Enumeration of bacteria

• 20Prepare serial 10-fold dilutions of each processed mucus, EC, or LP sample in sterile water (50 μl of sample into 450 μl of water). Spread 50 μl samples of appropriate dilutions onto one-third sections of a BHI/L+G agar plate. Incubate for 36–48 h at 37°C.

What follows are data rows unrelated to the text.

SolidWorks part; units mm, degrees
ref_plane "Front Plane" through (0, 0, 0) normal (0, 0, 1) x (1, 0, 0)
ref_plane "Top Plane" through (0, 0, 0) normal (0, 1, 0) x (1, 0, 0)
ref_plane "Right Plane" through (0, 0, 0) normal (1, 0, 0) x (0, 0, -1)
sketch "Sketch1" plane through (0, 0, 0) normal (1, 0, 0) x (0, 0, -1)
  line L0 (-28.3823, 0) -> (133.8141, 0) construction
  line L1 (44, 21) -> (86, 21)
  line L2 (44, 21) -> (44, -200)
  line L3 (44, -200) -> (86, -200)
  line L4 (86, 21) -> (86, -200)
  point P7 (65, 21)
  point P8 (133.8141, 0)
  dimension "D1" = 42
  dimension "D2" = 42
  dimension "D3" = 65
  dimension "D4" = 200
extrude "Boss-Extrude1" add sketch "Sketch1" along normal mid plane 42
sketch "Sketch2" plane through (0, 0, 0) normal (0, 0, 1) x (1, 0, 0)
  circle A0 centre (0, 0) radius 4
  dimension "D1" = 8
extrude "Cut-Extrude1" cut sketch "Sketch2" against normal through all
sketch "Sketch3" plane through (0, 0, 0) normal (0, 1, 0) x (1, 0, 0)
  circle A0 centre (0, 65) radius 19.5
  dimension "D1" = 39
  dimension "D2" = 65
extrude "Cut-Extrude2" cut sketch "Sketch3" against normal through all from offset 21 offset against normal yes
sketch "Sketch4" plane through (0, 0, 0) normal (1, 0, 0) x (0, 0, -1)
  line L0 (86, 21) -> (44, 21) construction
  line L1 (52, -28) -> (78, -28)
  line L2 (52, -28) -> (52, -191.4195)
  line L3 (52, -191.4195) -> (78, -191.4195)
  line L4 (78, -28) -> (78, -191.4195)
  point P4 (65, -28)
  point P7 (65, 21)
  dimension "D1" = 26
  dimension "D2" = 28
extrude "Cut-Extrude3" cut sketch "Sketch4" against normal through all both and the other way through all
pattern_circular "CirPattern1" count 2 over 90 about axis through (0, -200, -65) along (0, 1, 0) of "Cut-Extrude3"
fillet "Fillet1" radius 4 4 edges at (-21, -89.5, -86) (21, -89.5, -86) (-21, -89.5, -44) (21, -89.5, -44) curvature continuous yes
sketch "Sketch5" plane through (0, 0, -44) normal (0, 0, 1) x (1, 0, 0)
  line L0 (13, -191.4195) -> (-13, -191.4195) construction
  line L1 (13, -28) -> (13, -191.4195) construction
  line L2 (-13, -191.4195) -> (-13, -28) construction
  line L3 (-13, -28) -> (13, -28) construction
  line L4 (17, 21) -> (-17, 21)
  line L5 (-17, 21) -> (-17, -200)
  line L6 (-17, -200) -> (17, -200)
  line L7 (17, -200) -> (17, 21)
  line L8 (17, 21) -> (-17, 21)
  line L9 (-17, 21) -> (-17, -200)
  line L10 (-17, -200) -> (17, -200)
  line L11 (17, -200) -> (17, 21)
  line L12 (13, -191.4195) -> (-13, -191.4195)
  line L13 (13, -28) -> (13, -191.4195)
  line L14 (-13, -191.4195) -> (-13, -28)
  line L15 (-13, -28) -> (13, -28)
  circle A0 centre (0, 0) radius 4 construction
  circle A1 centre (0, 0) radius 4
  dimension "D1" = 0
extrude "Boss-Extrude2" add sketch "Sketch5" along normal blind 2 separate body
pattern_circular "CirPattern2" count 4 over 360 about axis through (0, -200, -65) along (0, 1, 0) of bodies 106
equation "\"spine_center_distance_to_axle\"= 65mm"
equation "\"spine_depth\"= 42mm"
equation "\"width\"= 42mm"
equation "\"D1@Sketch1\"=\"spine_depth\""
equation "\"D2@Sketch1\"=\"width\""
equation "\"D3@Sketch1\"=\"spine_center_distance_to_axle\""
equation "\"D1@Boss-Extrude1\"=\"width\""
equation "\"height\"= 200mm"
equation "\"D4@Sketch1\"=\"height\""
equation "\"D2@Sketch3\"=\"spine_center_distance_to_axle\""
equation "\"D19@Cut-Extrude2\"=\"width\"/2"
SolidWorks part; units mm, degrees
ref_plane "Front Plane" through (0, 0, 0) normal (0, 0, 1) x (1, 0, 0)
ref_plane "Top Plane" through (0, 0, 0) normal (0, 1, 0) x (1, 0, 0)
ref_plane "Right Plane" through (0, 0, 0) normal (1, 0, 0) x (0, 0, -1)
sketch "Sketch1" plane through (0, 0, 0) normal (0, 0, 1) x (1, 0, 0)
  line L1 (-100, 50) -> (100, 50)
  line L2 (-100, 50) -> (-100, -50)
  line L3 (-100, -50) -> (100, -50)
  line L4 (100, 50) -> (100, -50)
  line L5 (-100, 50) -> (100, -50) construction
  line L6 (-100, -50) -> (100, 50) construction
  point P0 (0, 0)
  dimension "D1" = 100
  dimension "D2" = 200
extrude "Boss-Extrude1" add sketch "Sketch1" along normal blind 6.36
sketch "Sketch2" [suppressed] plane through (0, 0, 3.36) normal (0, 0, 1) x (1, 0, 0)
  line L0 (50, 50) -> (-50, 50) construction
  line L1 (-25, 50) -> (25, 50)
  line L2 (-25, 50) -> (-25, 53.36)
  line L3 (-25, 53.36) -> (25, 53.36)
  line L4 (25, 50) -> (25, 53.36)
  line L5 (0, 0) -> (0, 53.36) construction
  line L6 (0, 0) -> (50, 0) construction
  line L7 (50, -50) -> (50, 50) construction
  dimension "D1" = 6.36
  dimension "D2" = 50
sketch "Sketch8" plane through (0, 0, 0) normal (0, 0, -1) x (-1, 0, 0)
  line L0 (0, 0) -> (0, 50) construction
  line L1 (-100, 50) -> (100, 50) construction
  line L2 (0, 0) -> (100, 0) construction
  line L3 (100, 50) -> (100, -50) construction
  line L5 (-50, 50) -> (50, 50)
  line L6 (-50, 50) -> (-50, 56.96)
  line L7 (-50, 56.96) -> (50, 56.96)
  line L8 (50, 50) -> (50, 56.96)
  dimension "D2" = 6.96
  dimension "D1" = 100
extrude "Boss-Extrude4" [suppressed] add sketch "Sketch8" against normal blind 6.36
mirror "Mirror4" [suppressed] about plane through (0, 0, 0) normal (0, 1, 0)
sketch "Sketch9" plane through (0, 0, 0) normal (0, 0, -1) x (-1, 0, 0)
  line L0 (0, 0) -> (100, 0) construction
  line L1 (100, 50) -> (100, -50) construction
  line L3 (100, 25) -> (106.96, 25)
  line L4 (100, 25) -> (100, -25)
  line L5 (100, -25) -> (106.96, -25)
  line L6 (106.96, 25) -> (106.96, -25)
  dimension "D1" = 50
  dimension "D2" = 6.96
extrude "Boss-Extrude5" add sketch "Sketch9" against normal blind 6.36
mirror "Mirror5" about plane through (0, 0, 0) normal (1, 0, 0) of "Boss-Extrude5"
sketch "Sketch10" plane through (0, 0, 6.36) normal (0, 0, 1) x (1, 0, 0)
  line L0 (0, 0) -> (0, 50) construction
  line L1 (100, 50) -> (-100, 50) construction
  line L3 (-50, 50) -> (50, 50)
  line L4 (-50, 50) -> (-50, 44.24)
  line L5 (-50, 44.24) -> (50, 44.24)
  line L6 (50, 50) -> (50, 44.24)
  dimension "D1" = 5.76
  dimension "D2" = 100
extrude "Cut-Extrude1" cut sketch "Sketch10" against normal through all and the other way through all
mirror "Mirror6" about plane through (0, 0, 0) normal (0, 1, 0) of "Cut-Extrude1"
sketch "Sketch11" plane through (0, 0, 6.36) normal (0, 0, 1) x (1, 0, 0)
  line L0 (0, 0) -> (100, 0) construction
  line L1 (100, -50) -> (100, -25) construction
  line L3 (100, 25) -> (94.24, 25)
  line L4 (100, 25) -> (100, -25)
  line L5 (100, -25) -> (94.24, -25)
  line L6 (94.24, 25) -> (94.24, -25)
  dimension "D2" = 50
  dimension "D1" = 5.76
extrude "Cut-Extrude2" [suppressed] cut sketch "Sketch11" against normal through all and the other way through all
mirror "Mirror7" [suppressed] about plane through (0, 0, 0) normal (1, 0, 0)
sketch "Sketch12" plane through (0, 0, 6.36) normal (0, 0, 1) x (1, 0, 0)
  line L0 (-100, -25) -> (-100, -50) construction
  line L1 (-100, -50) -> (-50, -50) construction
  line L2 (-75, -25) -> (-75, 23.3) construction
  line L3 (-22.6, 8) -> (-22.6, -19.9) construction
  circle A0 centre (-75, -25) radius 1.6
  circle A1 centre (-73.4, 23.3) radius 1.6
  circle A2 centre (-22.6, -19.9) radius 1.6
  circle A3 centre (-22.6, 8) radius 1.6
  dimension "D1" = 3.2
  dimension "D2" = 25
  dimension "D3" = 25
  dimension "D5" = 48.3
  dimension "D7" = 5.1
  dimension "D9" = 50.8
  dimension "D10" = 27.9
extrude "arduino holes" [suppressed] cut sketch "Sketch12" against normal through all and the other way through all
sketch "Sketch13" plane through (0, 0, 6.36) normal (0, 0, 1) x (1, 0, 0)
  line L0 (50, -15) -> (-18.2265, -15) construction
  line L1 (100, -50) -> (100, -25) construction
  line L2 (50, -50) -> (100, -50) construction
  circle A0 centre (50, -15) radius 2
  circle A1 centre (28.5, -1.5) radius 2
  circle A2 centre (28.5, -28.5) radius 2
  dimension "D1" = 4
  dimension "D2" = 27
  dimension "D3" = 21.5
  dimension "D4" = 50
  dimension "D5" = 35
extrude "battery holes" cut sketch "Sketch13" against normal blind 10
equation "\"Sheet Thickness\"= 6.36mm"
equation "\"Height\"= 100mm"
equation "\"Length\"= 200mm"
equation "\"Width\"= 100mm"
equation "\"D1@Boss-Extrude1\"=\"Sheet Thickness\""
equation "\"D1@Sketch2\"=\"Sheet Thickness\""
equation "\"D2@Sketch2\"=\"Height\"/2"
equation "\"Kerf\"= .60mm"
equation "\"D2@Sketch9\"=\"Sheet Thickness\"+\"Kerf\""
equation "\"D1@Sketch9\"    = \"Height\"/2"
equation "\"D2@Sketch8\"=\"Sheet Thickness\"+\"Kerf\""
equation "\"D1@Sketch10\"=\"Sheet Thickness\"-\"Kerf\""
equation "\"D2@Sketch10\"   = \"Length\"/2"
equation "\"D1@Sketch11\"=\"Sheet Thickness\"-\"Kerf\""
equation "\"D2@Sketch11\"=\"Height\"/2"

  Tiny colonies will be visible after 24–30 hours of incubation, but it will be easier to distinguish L. monocytogenes colonies (creamy white, dome-shaped) from any intestinal microbiota that are not inhibited by the selective agar after 48 h. Suspect colonies can be verified by plating on Listeria ChromAgar.

• 21Calculate the CFU/ml by multiplying the number of L. monocytogenes colonies observed by 20 (since only 50 μl was plated) times the dilution factor. The total CFU per tissue can be determined by multiplying the CFU/ml by the total volume of the sample.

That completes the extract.